Nikon D3x, 35mm f/1.4 Sigma, color original converted to B&W in Lightroom


Leica M3, 50mm Summicron, TriX, scanned in a Canon 4000 film scanner, monochrome original.

In both cases I used the Freestyle custom profile described here. Both prints are drop dead gorgeous – no color cast, no metamerism, just pure monochrome tones.

So it appears that the ET-8550 does a fine job of monochrome printing, but take heed of Cooper’s warning that papers differ, so experiment, and use the right color profile. Epson Premium Luster appears to be a safe bet, based on his experiments, or HP Premium Gloss, based on mine.
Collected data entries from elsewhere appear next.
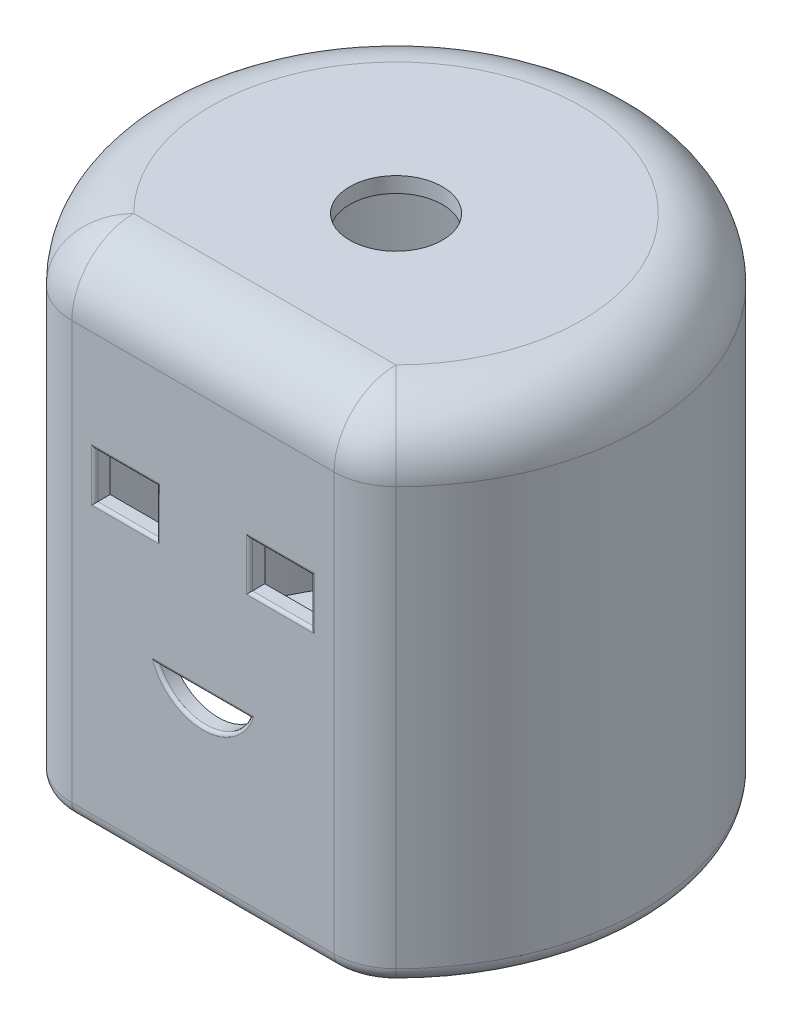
ISO-10303-21;
HEADER;
FILE_DESCRIPTION(('STEP AP214'),'2;1');
FILE_NAME('part.step','',(''),(''),'','','');
FILE_SCHEMA(('AUTOMOTIVE_DESIGN { 1 0 10303 214 1 1 1 1 }'));
ENDSEC;
DATA;
#1=APPLICATION_CONTEXT('core data for automotive mechanical design processes');
#2=APPLICATION_PROTOCOL_DEFINITION('international standard','automotive_design',2000,#1);
#3=PRODUCT_CONTEXT('',#1,'mechanical');
#4=PRODUCT('Part','Part','',(#3));
#5=PRODUCT_RELATED_PRODUCT_CATEGORY('part','',(#4));
#6=PRODUCT_DEFINITION_FORMATION('','',#4);
#7=PRODUCT_DEFINITION_CONTEXT('part definition',#1,'design');
#8=PRODUCT_DEFINITION('design','',#6,#7);
#9=PRODUCT_DEFINITION_SHAPE('','',#8);
#10=(LENGTH_UNIT() NAMED_UNIT(*) SI_UNIT(.MILLI.,.METRE.));
#11=(NAMED_UNIT(*) PLANE_ANGLE_UNIT() SI_UNIT($,.RADIAN.));
#12=(NAMED_UNIT(*) SI_UNIT($,.STERADIAN.) SOLID_ANGLE_UNIT());
#13=UNCERTAINTY_MEASURE_WITH_UNIT(LENGTH_MEASURE(1.E-05),#10,'distance_accuracy_value','');
#14=(GEOMETRIC_REPRESENTATION_CONTEXT(3) GLOBAL_UNCERTAINTY_ASSIGNED_CONTEXT((#13)) GLOBAL_UNIT_ASSIGNED_CONTEXT((#10,
#11,#12)) REPRESENTATION_CONTEXT('',''));
#15=CARTESIAN_POINT('',(0.,0.,0.));
#16=DIRECTION('',(0.,0.,1.));
#17=DIRECTION('',(1.,0.,0.));
#18=AXIS2_PLACEMENT_3D('',#15,#16,#17);
#19=CARTESIAN_POINT('',(0.,203.2,0.));
#20=DIRECTION('',(0.,-1.,0.));
#21=DIRECTION('',(0.,0.,-1.));
#22=AXIS2_PLACEMENT_3D('',#19,#20,#21);
#23=CYLINDRICAL_SURFACE('',#22,101.6);
#24=DIRECTION('',(0.,-1.,0.));
#25=VECTOR('',#24,1.);
#26=CARTESIAN_POINT('',(71.8021096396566,203.2,71.8819661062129));
#27=LINE('',#26,#25);
#28=CARTESIAN_POINT('',(71.8021096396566,177.8,71.8819661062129));
#29=VERTEX_POINT('',#28);
#30=CARTESIAN_POINT('',(71.8021096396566,6.34999999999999,71.8819661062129));
#31=VERTEX_POINT('',#30);
#32=EDGE_CURVE('E446',#29,#31,#27,.T.);
#33=ORIENTED_EDGE('',*,*,#32,.T.);
#34=CARTESIAN_POINT('',(0.,6.34999999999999,0.));
#35=DIRECTION('',(0.,-1.,0.));
#36=DIRECTION('',(0.,0.,-1.));
#37=AXIS2_PLACEMENT_3D('',#34,#35,#36);
#38=CIRCLE('',#37,101.6);
#39=CARTESIAN_POINT('',(-71.8021096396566,6.34999999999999,71.8819661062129));
#40=VERTEX_POINT('',#39);
#41=EDGE_CURVE('E498',#31,#40,#38,.F.);
#42=ORIENTED_EDGE('',*,*,#41,.T.);
#43=DIRECTION('',(0.,-1.,0.));
#44=VECTOR('',#43,1.);
#45=CARTESIAN_POINT('',(-71.8021096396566,203.2,71.8819661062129));
#46=LINE('',#45,#44);
#47=CARTESIAN_POINT('',(-71.8021096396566,177.8,71.8819661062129));
#48=VERTEX_POINT('',#47);
#49=EDGE_CURVE('E440',#40,#48,#46,.F.);
#50=ORIENTED_EDGE('',*,*,#49,.T.);
#51=CARTESIAN_POINT('',(0.,177.8,0.));
#52=DIRECTION('',(0.,-1.,0.));
#53=DIRECTION('',(0.,0.,-1.));
#54=AXIS2_PLACEMENT_3D('',#51,#52,#53);
#55=CIRCLE('',#54,101.6);
#56=EDGE_CURVE('E443',#48,#29,#55,.T.);
#57=ORIENTED_EDGE('',*,*,#56,.T.);
#58=EDGE_LOOP('',(#33,#42,#50,#57));
#59=FACE_BOUND('',#58,.T.);
#60=ADVANCED_FACE('F47',(#59),#23,.T.);
#61=CARTESIAN_POINT('',(-63.5,203.2,79.3114745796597));
#62=DIRECTION('',(0.,0.,-1.));
#63=DIRECTION('',(-1.,0.,0.));
#64=AXIS2_PLACEMENT_3D('',#61,#62,#63);
#65=PLANE('',#64);
#66=DIRECTION('',(1.,0.,0.));
#67=VECTOR('',#66,1.);
#68=CARTESIAN_POINT('',(-63.5,116.205,79.3114745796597));
#69=LINE('',#68,#67);
#70=CARTESIAN_POINT('',(45.72,116.205,79.3114745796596));
#71=VERTEX_POINT('',#70);
#72=CARTESIAN_POINT('',(17.78,116.205,79.3114745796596));
#73=VERTEX_POINT('',#72);
#74=EDGE_CURVE('E579',#71,#73,#69,.F.);
#75=ORIENTED_EDGE('',*,*,#74,.T.);
#76=DIRECTION('',(0.,-1.,0.));
#77=VECTOR('',#76,1.);
#78=CARTESIAN_POINT('',(17.78,203.2,79.3114745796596));
#79=LINE('',#78,#77);
#80=CARTESIAN_POINT('',(17.78,137.795,79.3114745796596));
#81=VERTEX_POINT('',#80);
#82=EDGE_CURVE('E582',#73,#81,#79,.F.);
#83=ORIENTED_EDGE('',*,*,#82,.T.);
#84=DIRECTION('',(-1.,0.,0.));
#85=VECTOR('',#84,1.);
#86=CARTESIAN_POINT('',(-63.5,137.795,79.3114745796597));
#87=LINE('',#86,#85);
#88=CARTESIAN_POINT('',(45.72,137.795,79.3114745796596));
#89=VERTEX_POINT('',#88);
#90=EDGE_CURVE('E573',#81,#89,#87,.F.);
#91=ORIENTED_EDGE('',*,*,#90,.T.);
#92=DIRECTION('',(0.,1.,0.));
#93=VECTOR('',#92,1.);
#94=CARTESIAN_POINT('',(45.72,203.2,79.3114745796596));
#95=LINE('',#94,#93);
#96=EDGE_CURVE('E576',#89,#71,#95,.F.);
#97=ORIENTED_EDGE('',*,*,#96,.T.);
#98=EDGE_LOOP('',(#75,#83,#91,#97));
#99=FACE_BOUND('',#98,.T.);
#100=DIRECTION('',(1.,0.,0.));
#101=VECTOR('',#100,1.);
#102=CARTESIAN_POINT('',(-63.5,116.205,79.3114745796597));
#103=LINE('',#102,#101);
#104=CARTESIAN_POINT('',(-17.78,116.205,79.3114745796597));
#105=VERTEX_POINT('',#104);
#106=CARTESIAN_POINT('',(-45.72,116.205,79.3114745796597));
#107=VERTEX_POINT('',#106);
#108=EDGE_CURVE('E566',#105,#107,#103,.F.);
#109=ORIENTED_EDGE('',*,*,#108,.T.);
#110=DIRECTION('',(0.,-1.,0.));
#111=VECTOR('',#110,1.);
#112=CARTESIAN_POINT('',(-45.72,203.2,79.3114745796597));
#113=LINE('',#112,#111);
#114=CARTESIAN_POINT('',(-45.72,137.795,79.3114745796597));
#115=VERTEX_POINT('',#114);
#116=EDGE_CURVE('E569',#107,#115,#113,.F.);
#117=ORIENTED_EDGE('',*,*,#116,.T.);
#118=DIRECTION('',(-1.,0.,0.));
#119=VECTOR('',#118,1.);
#120=CARTESIAN_POINT('',(-63.5,137.795,79.3114745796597));
#121=LINE('',#120,#119);
#122=CARTESIAN_POINT('',(-17.78,137.795,79.3114745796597));
#123=VERTEX_POINT('',#122);
#124=EDGE_CURVE('E560',#115,#123,#121,.F.);
#125=ORIENTED_EDGE('',*,*,#124,.T.);
#126=DIRECTION('',(0.,1.,0.));
#127=VECTOR('',#126,1.);
#128=CARTESIAN_POINT('',(-17.78,203.2,79.3114745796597));
#129=LINE('',#128,#127);
#130=EDGE_CURVE('E563',#123,#105,#129,.F.);
#131=ORIENTED_EDGE('',*,*,#130,.T.);
#132=EDGE_LOOP('',(#109,#117,#125,#131));
#133=FACE_BOUND('',#132,.T.);
#134=DIRECTION('',(-1.,0.,0.));
#135=VECTOR('',#134,1.);
#136=CARTESIAN_POINT('',(-63.5,74.295,79.3114745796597));
#137=LINE('',#136,#135);
#138=CARTESIAN_POINT('',(-20.8682294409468,74.295,79.3114745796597));
#139=VERTEX_POINT('',#138);
#140=CARTESIAN_POINT('',(20.8682294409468,74.295,79.3114745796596));
#141=VERTEX_POINT('',#140);
#142=EDGE_CURVE('E553',#139,#141,#137,.F.);
#143=ORIENTED_EDGE('',*,*,#142,.T.);
#144=CARTESIAN_POINT('',(0.,80.9625,79.3114745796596));
#145=DIRECTION('',(0.,0.,-1.));
#146=DIRECTION('',(-1.,0.,0.));
#147=AXIS2_PLACEMENT_3D('',#144,#145,#146);
#148=CIRCLE('',#147,21.9075);
#149=EDGE_CURVE('E556',#141,#139,#148,.T.);
#150=ORIENTED_EDGE('',*,*,#149,.T.);
#151=EDGE_LOOP('',(#143,#150));
#152=FACE_BOUND('',#151,.T.);
#153=DIRECTION('',(0.,-1.,0.));
#154=VECTOR('',#153,1.);
#155=CARTESIAN_POINT('',(-53.8515822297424,203.2,79.3114745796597));
#156=LINE('',#155,#154);
#157=CARTESIAN_POINT('',(-53.8515822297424,177.8,79.3114745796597));
#158=VERTEX_POINT('',#157);
#159=CARTESIAN_POINT('',(-53.8515822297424,6.34999999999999,79.3114745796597));
#160=VERTEX_POINT('',#159);
#161=EDGE_CURVE('E429',#158,#160,#156,.T.);
#162=ORIENTED_EDGE('',*,*,#161,.T.);
#163=DIRECTION('',(1.,0.,0.));
#164=VECTOR('',#163,1.);
#165=CARTESIAN_POINT('',(53.8515822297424,6.34999999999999,79.3114745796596));
#166=LINE('',#165,#164);
#167=CARTESIAN_POINT('',(53.8515822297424,6.34999999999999,79.3114745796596));
#168=VERTEX_POINT('',#167);
#169=EDGE_CURVE('E492',#160,#168,#166,.T.);
#170=ORIENTED_EDGE('',*,*,#169,.T.);
#171=DIRECTION('',(0.,-1.,0.));
#172=VECTOR('',#171,1.);
#173=CARTESIAN_POINT('',(53.8515822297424,203.2,79.3114745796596));
#174=LINE('',#173,#172);
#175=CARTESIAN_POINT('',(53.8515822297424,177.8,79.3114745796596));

The Epson printing utility Cooper refers to in the video linked above is not to be found in the US and I much prefer using Lightroom as it simplifies work flow – one tool for all prints. I suggest you adopt a similar philosophy.

Paper jams:

Confirming that with photo printers “It’s always something”, I find that if more than 5 sheets of paper are loaded into the rear paper feeder, the printer will jam. This is for relatively thick paper. The HP Premium Gloss I use weighs in at 280 g/sq. m. So keep it to 5 sheets or less, or be prepared to try and decipher Epson’s arcane un-jamming instructions, invoking garage language and generally wasting time in the process.